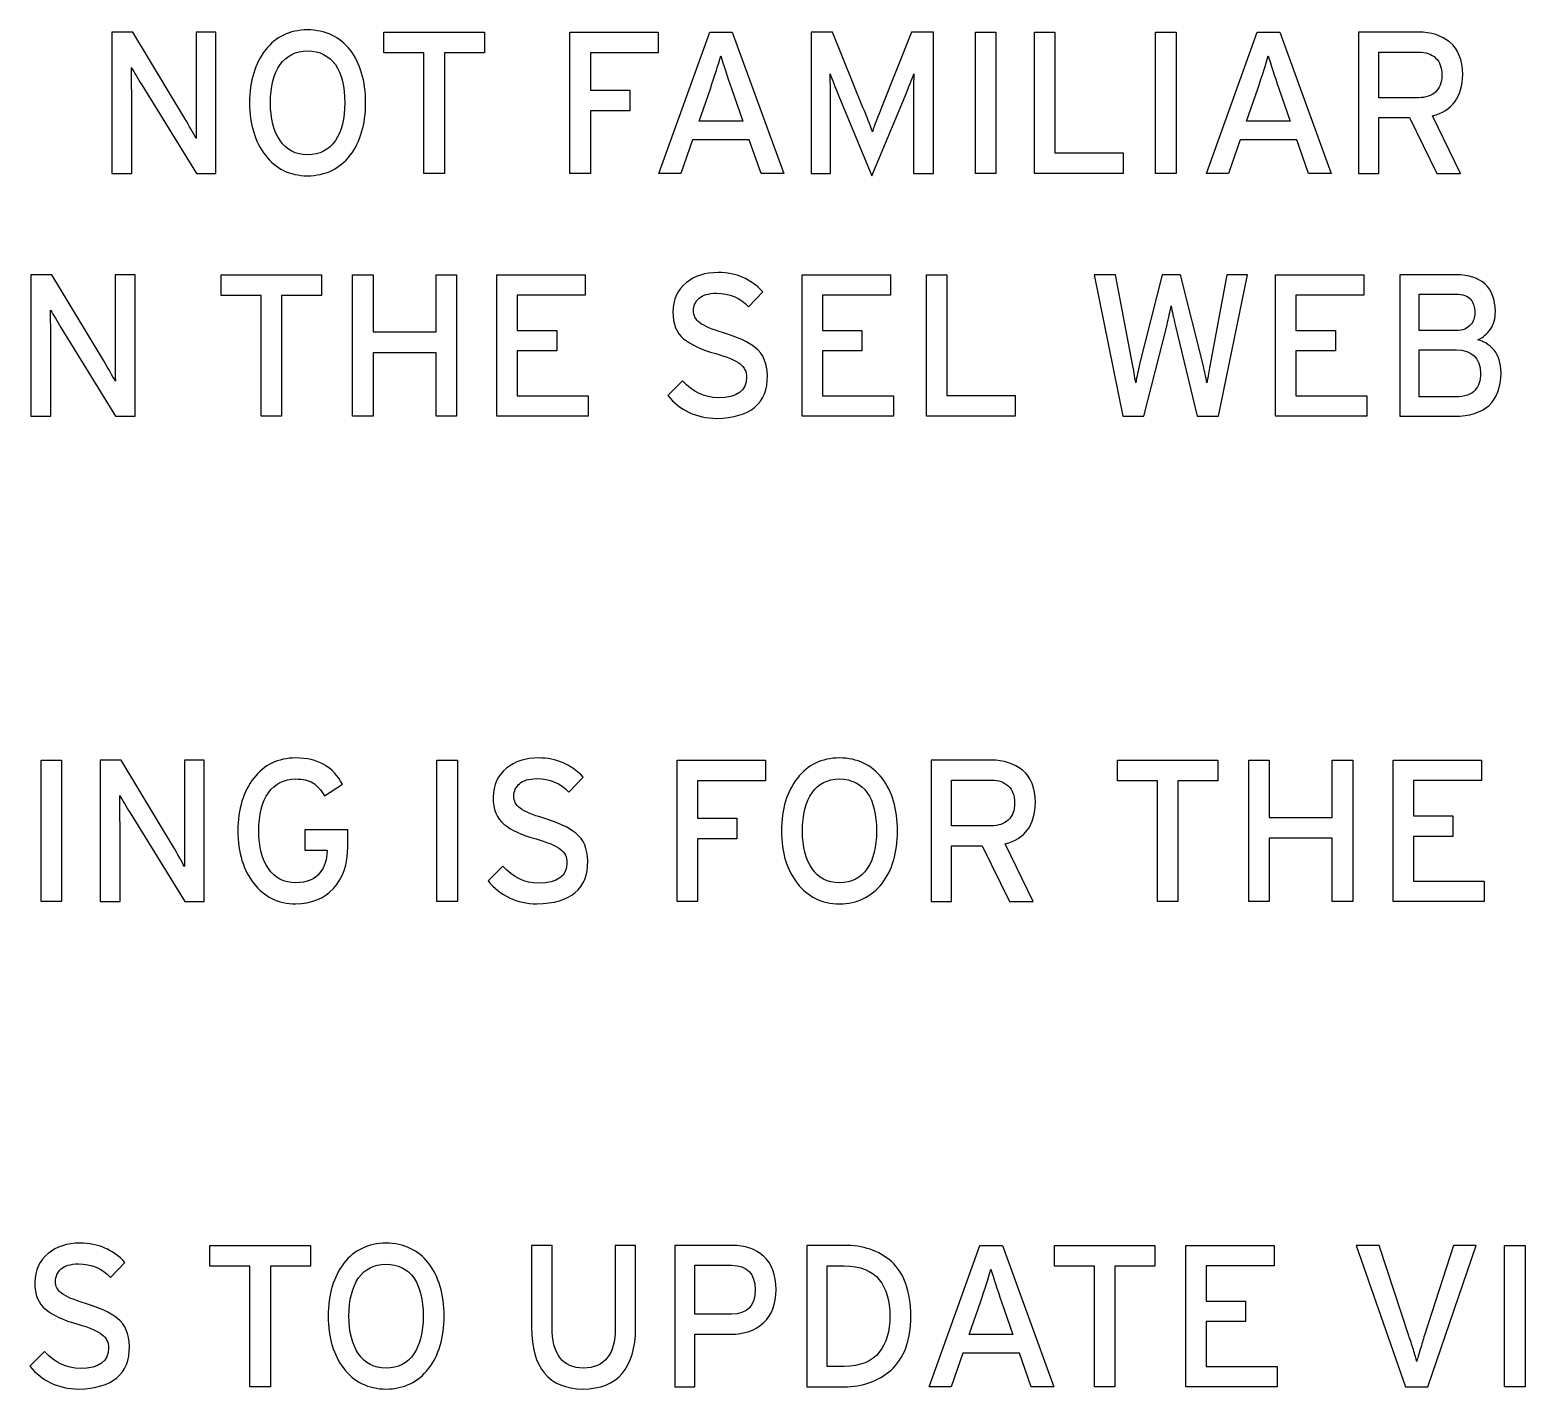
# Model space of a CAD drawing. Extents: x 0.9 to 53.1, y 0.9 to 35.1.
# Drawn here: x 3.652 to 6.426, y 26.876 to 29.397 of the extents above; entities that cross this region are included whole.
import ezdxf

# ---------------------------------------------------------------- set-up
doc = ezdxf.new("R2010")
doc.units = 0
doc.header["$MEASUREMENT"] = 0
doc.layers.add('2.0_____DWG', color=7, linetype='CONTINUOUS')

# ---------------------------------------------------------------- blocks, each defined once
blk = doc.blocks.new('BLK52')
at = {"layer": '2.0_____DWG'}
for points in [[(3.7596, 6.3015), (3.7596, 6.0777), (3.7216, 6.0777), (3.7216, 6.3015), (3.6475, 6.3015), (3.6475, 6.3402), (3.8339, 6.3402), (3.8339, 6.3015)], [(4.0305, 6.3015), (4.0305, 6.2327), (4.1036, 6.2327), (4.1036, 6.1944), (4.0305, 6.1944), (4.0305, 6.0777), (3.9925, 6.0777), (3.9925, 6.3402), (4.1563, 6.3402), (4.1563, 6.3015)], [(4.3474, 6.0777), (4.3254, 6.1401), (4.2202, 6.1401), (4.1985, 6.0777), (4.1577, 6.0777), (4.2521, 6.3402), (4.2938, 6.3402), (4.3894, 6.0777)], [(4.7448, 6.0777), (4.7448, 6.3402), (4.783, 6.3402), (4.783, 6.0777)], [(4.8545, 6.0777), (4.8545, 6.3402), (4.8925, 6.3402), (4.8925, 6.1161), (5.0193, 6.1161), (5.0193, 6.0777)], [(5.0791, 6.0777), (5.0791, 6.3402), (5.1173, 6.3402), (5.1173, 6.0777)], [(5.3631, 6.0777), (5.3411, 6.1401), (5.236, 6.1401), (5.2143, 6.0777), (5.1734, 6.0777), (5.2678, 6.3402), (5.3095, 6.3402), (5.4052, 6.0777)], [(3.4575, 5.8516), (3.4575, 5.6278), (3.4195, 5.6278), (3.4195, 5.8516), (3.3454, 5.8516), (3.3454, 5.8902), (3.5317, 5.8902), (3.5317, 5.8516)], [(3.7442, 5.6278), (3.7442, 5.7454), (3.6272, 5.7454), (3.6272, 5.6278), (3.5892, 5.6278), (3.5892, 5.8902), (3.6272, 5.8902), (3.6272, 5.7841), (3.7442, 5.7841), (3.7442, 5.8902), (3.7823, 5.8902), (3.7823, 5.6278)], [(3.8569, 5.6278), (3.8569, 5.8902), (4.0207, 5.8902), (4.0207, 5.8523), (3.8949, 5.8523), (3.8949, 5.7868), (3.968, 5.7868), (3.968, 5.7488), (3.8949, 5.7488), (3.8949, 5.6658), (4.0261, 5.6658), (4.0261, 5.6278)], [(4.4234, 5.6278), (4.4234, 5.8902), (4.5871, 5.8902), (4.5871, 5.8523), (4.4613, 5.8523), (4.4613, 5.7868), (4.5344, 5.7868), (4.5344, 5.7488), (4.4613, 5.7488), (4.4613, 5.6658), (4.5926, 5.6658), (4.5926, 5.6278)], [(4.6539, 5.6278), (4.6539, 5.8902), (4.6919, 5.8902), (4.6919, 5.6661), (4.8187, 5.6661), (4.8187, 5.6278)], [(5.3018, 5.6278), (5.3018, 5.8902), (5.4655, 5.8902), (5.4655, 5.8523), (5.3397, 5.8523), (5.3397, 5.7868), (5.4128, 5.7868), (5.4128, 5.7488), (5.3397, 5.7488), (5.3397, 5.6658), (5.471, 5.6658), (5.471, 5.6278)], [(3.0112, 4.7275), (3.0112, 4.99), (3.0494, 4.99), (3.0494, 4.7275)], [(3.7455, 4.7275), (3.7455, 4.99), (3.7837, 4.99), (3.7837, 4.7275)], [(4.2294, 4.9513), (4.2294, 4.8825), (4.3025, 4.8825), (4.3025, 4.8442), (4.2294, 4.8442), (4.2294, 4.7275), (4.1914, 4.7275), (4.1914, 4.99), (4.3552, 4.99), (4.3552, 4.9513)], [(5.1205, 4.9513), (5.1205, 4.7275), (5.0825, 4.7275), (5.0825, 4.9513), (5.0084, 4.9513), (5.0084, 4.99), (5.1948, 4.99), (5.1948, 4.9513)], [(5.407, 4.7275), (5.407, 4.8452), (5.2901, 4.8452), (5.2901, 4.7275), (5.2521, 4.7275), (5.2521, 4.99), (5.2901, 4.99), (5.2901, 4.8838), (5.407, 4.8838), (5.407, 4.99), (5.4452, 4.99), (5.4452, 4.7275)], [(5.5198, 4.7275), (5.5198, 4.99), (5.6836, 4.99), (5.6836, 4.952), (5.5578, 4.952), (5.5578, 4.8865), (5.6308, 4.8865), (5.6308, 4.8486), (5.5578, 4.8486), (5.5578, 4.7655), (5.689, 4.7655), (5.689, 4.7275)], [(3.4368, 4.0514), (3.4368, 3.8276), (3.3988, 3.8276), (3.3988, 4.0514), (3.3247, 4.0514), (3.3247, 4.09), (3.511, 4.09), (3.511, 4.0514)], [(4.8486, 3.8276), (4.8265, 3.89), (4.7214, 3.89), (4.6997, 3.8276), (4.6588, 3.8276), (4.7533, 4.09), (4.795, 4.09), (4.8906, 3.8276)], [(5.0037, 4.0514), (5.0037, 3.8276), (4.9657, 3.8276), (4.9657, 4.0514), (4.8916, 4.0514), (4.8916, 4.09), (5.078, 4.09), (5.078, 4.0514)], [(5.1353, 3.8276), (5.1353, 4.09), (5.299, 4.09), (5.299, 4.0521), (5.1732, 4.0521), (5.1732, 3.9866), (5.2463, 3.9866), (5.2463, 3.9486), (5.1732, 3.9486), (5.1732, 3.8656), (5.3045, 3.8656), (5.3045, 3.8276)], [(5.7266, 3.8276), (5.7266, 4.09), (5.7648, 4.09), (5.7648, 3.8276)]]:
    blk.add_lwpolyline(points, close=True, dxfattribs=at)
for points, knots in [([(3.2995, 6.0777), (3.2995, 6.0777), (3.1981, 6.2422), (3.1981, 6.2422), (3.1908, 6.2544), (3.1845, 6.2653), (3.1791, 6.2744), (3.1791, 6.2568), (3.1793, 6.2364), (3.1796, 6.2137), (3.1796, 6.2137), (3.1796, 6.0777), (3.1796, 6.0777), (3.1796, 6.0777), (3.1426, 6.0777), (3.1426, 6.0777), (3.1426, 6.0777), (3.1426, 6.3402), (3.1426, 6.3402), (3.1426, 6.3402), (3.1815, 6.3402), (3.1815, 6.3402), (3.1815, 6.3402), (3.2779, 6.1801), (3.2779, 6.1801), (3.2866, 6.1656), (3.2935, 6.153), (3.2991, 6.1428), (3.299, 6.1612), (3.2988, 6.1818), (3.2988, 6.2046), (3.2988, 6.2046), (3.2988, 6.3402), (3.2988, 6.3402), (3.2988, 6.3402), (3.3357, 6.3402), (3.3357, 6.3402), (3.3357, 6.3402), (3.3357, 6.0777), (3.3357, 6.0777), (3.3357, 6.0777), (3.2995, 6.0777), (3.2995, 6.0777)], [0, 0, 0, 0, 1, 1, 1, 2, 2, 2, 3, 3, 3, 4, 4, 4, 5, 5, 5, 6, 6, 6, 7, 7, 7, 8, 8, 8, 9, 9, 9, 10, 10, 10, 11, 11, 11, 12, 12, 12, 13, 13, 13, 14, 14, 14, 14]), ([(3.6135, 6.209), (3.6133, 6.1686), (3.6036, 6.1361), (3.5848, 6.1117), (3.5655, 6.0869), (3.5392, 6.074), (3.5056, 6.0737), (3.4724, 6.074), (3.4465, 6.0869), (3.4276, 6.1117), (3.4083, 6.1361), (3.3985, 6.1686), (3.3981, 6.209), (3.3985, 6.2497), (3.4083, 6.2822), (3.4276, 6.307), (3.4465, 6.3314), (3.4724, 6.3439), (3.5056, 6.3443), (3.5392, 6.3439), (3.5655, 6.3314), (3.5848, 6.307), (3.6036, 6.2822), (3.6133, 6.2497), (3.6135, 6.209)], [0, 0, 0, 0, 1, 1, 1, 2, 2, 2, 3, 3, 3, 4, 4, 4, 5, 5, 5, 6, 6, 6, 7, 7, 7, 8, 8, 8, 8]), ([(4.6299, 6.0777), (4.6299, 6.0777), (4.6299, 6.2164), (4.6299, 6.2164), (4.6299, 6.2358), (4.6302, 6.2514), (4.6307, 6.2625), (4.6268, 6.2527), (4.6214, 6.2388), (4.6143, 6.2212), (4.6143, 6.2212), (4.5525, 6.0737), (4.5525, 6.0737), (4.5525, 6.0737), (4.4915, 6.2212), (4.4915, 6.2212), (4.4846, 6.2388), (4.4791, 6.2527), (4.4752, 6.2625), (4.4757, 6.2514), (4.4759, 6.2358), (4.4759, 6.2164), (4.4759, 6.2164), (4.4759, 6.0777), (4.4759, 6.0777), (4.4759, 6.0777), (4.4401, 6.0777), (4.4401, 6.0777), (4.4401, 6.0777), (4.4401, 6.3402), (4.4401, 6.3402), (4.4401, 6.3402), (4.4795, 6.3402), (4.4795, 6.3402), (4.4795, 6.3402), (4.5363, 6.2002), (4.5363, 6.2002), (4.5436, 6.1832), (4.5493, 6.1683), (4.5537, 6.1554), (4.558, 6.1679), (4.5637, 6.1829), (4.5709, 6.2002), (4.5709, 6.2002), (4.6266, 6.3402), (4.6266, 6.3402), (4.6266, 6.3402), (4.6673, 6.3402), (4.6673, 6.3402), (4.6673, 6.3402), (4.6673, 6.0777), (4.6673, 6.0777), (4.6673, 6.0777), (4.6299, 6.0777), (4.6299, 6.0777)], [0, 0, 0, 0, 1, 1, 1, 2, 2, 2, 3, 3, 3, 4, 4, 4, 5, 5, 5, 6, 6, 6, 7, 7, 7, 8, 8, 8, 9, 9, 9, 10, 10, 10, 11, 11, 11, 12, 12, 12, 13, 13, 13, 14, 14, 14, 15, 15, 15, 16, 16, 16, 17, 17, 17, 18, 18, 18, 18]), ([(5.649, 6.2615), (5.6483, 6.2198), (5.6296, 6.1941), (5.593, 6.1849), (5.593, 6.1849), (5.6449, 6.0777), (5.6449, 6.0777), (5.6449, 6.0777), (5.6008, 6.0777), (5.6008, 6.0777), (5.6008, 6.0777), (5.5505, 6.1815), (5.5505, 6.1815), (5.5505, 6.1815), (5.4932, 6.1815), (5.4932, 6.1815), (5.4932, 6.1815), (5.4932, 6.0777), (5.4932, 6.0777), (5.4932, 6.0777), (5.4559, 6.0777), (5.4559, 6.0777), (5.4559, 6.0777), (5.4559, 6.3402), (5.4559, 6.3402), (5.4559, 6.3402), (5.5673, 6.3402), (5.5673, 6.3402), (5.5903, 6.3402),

======

_Required work_
Read through the listing and copy each line in which the word "blocks" occurs.

_Problem solution_
# ---------------------------------------------------------------- blocks, each defined once
blk = doc.blocks.new('BLK52')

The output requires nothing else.